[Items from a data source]
--------------------------------------------------

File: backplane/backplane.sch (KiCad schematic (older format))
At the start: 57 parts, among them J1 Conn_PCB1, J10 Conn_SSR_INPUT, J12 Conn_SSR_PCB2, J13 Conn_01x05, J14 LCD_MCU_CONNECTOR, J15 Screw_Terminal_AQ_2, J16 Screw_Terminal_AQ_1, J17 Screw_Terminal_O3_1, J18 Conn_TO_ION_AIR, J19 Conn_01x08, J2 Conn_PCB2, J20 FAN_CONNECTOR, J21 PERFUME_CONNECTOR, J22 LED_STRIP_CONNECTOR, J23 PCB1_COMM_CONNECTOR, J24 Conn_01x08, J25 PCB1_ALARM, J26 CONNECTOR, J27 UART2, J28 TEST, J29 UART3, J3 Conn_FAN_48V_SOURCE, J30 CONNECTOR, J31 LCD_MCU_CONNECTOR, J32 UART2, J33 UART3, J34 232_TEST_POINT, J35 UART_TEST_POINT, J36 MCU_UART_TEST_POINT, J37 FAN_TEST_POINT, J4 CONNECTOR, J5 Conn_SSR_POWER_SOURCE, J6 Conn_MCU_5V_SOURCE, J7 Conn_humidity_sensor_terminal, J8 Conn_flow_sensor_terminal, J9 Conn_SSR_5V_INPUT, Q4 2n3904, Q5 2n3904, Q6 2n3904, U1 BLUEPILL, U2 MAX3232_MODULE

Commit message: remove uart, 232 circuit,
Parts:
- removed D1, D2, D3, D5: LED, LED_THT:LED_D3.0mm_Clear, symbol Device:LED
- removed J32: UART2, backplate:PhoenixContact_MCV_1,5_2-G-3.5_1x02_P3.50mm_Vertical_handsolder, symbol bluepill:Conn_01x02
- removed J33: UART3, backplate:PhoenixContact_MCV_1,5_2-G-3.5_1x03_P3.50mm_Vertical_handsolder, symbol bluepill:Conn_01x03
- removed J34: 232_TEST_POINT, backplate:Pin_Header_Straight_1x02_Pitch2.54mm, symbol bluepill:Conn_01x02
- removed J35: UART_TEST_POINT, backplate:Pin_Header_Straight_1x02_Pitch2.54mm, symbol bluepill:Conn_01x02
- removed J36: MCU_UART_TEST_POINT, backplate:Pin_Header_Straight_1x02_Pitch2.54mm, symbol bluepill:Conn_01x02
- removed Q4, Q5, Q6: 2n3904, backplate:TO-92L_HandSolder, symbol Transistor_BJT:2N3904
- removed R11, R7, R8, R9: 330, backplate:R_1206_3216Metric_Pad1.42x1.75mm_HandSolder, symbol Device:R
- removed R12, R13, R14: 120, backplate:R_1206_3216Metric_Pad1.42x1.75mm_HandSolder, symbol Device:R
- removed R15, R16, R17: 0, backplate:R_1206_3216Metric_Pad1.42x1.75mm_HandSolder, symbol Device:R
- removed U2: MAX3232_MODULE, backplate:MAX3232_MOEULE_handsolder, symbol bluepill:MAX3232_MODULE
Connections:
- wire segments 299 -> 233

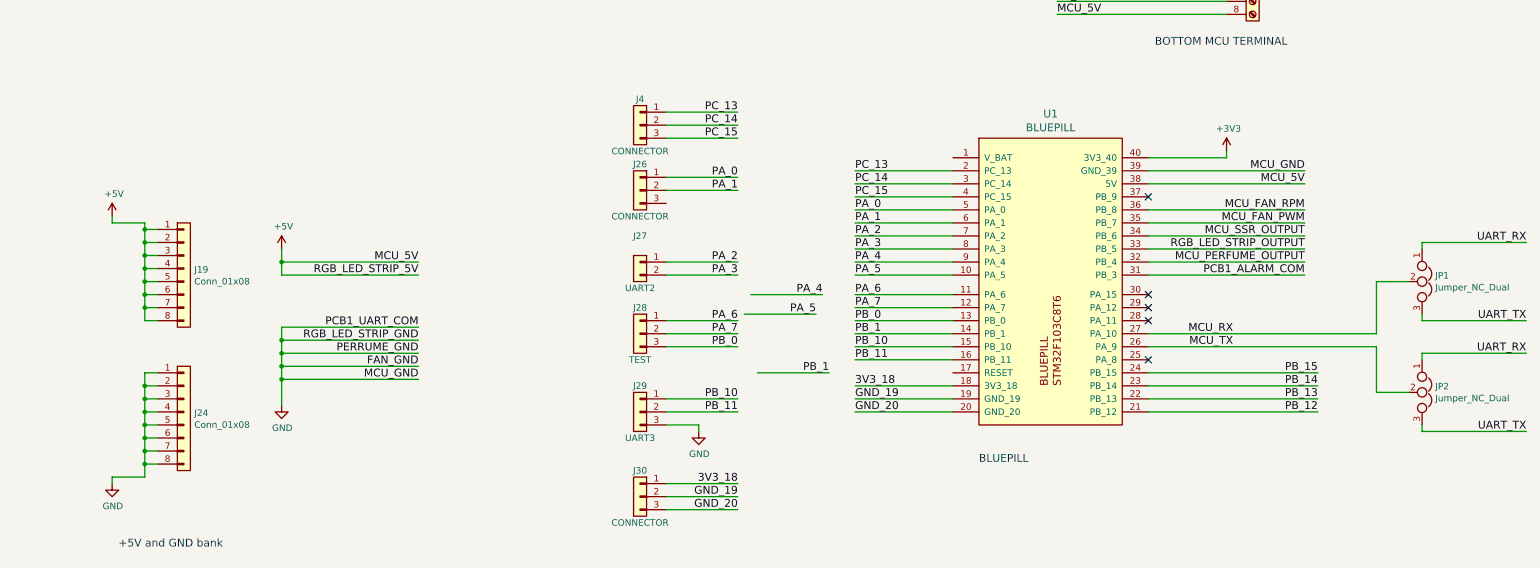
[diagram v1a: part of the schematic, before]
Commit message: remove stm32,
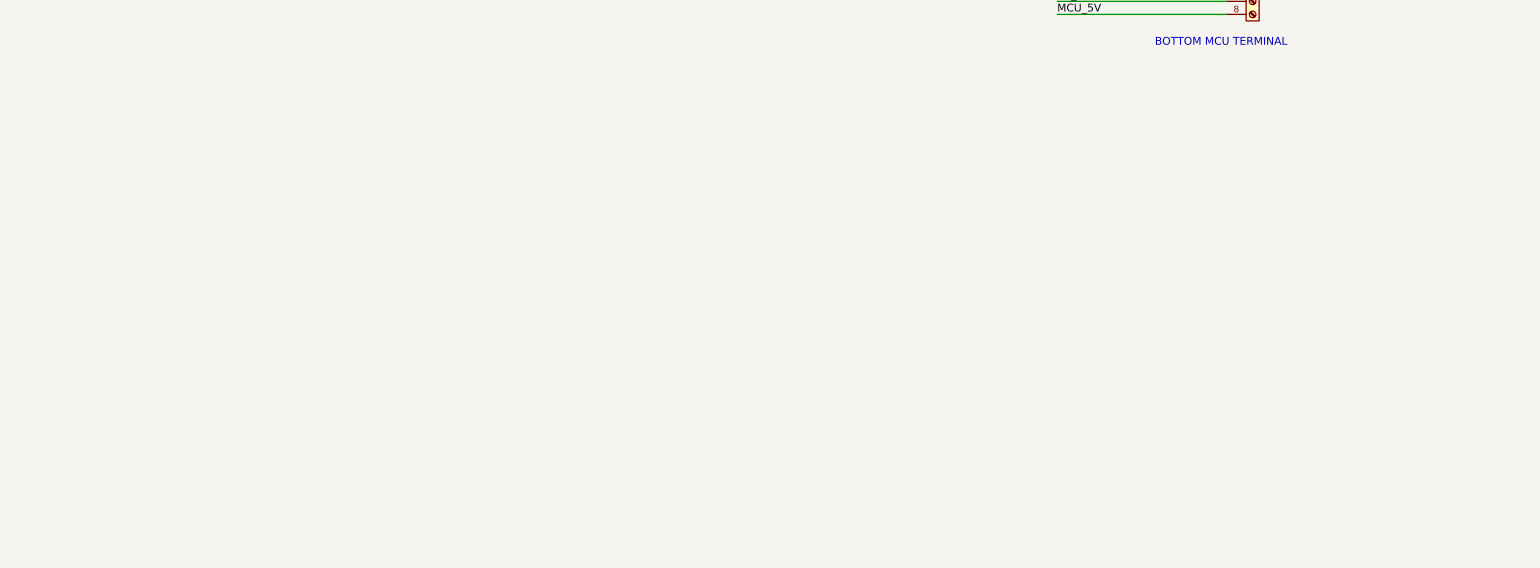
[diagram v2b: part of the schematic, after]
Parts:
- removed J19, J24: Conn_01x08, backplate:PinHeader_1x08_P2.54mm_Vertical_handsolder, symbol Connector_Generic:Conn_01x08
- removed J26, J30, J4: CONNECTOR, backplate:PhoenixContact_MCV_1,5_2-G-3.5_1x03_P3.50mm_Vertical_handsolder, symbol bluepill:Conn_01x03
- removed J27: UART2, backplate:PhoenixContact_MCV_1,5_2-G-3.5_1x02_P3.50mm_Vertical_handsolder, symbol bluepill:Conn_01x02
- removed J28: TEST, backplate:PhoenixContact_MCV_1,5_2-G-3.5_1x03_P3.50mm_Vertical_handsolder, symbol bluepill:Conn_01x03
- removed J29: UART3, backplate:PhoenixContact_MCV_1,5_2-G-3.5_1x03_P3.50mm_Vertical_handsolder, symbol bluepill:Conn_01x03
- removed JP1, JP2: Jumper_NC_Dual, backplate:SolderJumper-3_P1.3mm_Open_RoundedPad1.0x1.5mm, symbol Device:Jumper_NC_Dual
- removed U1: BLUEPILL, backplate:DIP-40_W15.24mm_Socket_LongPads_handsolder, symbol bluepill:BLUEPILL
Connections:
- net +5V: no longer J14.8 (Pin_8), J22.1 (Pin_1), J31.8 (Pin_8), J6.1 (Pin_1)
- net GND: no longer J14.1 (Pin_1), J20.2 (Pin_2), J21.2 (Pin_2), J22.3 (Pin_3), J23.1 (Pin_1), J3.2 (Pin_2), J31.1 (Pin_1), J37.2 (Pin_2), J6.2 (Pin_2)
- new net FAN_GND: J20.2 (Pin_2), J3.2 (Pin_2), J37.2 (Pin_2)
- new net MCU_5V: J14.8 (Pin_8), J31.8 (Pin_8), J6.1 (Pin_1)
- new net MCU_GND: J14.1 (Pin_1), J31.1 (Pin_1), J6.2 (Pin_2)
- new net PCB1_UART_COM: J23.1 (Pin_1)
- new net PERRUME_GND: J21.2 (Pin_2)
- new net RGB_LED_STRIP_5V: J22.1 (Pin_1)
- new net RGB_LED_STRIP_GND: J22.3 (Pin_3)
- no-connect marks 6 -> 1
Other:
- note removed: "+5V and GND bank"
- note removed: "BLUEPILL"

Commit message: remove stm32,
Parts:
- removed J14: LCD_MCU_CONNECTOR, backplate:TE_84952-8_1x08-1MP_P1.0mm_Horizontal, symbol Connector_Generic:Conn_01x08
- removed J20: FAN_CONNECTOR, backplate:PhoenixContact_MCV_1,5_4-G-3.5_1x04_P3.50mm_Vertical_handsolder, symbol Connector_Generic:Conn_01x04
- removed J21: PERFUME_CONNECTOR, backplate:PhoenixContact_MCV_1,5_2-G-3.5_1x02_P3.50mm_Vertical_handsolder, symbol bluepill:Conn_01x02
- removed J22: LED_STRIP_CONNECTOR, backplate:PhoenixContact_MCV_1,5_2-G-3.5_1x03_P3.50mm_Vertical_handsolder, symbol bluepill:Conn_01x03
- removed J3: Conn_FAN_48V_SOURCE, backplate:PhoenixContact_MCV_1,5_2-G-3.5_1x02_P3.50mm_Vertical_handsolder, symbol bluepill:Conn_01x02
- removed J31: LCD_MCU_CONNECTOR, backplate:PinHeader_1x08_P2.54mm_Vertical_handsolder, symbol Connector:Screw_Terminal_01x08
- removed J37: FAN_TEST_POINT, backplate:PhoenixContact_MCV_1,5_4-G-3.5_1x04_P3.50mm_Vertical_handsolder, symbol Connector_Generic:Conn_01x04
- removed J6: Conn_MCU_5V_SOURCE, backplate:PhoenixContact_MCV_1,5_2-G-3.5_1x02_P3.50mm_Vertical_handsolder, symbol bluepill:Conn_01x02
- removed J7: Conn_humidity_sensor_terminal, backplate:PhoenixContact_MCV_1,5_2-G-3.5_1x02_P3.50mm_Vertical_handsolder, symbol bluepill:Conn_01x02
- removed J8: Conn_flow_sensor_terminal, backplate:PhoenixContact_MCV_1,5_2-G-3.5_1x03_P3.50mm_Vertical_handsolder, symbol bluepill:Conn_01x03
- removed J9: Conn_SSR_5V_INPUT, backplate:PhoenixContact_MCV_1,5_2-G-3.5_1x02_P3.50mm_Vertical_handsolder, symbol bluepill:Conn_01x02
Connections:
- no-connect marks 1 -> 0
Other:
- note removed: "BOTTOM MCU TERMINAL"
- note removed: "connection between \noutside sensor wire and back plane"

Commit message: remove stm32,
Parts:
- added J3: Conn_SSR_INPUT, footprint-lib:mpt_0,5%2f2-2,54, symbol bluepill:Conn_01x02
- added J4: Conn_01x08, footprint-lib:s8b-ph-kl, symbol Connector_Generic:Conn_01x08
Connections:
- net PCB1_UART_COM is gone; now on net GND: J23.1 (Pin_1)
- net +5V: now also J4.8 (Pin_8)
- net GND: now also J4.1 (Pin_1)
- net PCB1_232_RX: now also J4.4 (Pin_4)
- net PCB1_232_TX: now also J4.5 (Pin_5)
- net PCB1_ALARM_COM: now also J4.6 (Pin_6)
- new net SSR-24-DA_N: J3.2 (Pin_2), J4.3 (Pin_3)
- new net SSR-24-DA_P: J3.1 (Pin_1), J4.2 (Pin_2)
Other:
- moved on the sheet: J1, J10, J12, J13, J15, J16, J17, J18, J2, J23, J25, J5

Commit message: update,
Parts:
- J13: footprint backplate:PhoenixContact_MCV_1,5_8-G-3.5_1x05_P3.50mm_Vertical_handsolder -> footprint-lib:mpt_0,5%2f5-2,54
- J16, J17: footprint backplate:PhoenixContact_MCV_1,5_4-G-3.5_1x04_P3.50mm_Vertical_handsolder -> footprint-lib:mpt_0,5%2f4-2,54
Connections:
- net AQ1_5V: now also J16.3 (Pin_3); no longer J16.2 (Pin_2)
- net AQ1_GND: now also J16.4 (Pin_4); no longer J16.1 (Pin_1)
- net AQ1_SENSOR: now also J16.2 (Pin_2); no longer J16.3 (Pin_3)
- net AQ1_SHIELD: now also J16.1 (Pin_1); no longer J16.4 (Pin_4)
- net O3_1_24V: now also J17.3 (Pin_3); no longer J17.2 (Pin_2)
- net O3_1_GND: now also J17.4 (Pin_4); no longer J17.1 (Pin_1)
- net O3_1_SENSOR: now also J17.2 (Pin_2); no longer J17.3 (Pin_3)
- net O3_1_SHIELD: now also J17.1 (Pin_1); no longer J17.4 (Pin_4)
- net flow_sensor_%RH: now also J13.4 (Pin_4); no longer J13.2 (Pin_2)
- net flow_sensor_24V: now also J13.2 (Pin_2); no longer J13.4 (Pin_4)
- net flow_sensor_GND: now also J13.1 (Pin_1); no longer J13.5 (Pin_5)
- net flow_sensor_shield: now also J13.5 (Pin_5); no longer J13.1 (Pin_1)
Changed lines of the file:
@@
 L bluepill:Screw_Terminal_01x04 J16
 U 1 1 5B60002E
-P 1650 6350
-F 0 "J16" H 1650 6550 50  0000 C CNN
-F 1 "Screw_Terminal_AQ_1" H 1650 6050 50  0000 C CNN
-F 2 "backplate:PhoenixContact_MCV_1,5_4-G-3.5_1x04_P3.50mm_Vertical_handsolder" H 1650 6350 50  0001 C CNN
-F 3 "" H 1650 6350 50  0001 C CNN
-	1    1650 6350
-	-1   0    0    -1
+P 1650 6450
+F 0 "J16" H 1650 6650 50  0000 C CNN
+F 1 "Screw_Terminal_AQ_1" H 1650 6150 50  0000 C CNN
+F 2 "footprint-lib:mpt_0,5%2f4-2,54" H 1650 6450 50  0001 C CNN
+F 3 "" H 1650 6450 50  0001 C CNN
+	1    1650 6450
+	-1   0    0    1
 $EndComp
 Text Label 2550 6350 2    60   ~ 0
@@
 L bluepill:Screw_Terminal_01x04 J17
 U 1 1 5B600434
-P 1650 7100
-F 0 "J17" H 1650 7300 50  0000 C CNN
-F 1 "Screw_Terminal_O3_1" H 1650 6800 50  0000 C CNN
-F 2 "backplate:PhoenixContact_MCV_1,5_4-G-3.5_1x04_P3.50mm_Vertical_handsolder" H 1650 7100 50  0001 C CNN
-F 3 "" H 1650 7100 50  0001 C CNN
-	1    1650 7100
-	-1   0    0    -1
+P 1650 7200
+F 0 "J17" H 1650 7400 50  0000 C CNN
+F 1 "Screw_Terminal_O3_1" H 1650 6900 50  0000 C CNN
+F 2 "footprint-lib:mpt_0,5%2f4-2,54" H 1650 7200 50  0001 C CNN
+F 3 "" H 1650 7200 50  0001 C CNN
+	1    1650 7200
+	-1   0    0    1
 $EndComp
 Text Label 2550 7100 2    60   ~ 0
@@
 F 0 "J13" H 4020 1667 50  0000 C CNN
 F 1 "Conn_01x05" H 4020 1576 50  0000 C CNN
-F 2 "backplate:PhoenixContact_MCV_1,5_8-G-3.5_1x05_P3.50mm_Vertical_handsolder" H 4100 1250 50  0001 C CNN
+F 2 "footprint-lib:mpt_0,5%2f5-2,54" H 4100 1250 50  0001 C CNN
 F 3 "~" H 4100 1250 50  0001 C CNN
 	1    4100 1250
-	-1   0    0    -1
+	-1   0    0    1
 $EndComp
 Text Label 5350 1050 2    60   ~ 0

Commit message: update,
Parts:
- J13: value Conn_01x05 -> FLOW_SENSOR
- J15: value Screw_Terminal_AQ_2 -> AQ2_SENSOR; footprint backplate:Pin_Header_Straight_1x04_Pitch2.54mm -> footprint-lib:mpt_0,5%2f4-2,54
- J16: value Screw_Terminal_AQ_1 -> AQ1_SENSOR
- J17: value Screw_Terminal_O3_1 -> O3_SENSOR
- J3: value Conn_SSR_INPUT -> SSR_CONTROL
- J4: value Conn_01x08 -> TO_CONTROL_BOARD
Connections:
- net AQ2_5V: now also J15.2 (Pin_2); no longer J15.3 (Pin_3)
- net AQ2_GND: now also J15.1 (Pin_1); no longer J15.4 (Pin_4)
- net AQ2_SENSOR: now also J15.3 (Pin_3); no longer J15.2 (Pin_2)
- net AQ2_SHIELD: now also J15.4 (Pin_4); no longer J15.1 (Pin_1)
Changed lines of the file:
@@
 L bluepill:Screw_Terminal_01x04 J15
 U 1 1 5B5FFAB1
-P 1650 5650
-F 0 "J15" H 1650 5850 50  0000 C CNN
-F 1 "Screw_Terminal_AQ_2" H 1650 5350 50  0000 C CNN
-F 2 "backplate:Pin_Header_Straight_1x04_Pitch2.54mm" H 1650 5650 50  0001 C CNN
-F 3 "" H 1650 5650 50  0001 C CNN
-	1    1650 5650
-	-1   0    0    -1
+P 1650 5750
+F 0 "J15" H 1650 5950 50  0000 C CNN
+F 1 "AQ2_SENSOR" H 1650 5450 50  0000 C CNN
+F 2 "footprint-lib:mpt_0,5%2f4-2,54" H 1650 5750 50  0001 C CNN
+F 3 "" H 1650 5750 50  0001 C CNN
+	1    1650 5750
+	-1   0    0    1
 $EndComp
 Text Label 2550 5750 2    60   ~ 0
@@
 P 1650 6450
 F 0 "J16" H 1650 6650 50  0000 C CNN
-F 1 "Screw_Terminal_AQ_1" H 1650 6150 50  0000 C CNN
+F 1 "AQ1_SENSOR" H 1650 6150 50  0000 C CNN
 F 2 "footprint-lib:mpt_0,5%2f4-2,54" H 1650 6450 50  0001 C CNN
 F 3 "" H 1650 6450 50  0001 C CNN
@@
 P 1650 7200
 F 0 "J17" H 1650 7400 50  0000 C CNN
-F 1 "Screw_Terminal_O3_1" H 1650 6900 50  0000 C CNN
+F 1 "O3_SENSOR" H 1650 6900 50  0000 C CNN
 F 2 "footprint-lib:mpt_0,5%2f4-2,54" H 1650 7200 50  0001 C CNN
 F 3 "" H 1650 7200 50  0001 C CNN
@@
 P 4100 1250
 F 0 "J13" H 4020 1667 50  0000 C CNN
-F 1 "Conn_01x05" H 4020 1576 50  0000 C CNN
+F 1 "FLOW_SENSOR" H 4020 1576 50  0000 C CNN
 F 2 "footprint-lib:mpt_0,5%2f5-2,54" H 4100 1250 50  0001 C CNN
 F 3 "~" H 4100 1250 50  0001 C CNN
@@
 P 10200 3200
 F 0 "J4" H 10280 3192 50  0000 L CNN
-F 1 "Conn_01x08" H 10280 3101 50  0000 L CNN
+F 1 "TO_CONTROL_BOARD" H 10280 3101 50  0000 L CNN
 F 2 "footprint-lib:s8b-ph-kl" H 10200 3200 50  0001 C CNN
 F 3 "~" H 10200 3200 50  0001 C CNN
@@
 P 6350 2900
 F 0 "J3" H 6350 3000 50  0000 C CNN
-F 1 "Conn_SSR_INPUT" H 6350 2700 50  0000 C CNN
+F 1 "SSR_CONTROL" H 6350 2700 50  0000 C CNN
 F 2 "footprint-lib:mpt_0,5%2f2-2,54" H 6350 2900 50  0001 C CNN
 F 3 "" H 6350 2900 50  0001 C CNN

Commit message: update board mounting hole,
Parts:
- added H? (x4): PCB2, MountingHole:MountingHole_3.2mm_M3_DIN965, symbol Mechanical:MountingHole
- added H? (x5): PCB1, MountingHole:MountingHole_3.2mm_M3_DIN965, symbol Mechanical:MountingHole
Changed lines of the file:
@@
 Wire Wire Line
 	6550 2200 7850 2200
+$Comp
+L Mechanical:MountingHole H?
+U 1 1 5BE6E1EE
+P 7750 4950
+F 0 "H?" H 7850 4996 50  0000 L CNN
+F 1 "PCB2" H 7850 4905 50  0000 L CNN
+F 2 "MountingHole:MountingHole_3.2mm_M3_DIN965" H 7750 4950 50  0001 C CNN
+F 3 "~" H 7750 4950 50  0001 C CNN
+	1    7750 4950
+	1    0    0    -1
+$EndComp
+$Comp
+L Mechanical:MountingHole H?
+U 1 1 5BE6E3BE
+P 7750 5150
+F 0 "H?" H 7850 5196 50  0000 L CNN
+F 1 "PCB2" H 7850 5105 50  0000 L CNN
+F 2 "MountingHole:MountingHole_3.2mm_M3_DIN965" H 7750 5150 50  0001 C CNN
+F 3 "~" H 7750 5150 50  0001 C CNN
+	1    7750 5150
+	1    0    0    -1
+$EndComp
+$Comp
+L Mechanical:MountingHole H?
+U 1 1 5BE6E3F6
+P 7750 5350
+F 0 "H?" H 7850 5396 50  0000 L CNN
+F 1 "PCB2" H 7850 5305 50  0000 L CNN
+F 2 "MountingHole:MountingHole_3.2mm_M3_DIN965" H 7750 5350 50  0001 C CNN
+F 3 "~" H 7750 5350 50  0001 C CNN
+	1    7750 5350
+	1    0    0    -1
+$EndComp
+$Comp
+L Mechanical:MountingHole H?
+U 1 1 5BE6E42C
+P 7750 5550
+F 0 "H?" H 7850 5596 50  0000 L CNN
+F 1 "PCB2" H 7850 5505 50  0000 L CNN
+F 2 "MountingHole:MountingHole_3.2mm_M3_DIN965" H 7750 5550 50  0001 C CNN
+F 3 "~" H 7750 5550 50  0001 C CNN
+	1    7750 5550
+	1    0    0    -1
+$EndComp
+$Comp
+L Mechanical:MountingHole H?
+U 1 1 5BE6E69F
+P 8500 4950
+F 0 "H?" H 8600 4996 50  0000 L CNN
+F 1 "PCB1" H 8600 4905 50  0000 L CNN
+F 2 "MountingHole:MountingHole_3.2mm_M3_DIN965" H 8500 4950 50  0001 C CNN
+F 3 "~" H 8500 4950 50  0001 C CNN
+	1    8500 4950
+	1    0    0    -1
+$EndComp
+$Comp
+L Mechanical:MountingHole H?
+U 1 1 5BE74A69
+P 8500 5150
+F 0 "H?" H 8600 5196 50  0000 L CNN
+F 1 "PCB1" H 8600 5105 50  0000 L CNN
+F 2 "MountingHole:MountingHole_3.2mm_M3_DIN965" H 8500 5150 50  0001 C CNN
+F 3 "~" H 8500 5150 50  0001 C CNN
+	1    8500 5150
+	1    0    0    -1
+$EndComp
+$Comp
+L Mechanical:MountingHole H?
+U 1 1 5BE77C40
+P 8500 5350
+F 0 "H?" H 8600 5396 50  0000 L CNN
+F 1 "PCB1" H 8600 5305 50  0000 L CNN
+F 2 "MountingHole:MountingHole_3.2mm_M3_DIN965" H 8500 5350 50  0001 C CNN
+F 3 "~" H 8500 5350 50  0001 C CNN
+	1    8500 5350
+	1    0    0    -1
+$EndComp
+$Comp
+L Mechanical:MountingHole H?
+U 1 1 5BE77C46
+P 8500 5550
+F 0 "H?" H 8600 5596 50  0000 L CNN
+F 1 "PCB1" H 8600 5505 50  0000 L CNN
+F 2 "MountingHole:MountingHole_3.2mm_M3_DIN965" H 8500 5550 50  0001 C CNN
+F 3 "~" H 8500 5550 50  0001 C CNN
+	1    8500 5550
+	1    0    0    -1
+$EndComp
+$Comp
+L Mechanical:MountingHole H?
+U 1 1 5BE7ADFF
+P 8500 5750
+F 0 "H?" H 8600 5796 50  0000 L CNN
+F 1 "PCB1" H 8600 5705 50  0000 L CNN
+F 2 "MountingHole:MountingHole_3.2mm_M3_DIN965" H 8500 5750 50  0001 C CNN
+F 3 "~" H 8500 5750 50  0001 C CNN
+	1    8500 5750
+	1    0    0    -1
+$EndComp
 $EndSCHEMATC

--------------------------------------------------

▸ **Problem**
Scan the entries for the word "added". Report each line that has it.

▸ **Solution to the exercise**
- added J3: Conn_SSR_INPUT, footprint-lib:mpt_0,5%2f2-2,54, symbol bluepill:Conn_01x02
- added J4: Conn_01x08, footprint-lib:s8b-ph-kl, symbol Connector_Generic:Conn_01x08
- added H? (x4): PCB2, MountingHole:MountingHole_3.2mm_M3_DIN965, symbol Mechanical:MountingHole
- added H? (x5): PCB1, MountingHole:MountingHole_3.2mm_M3_DIN965, symbol Mechanical:MountingHole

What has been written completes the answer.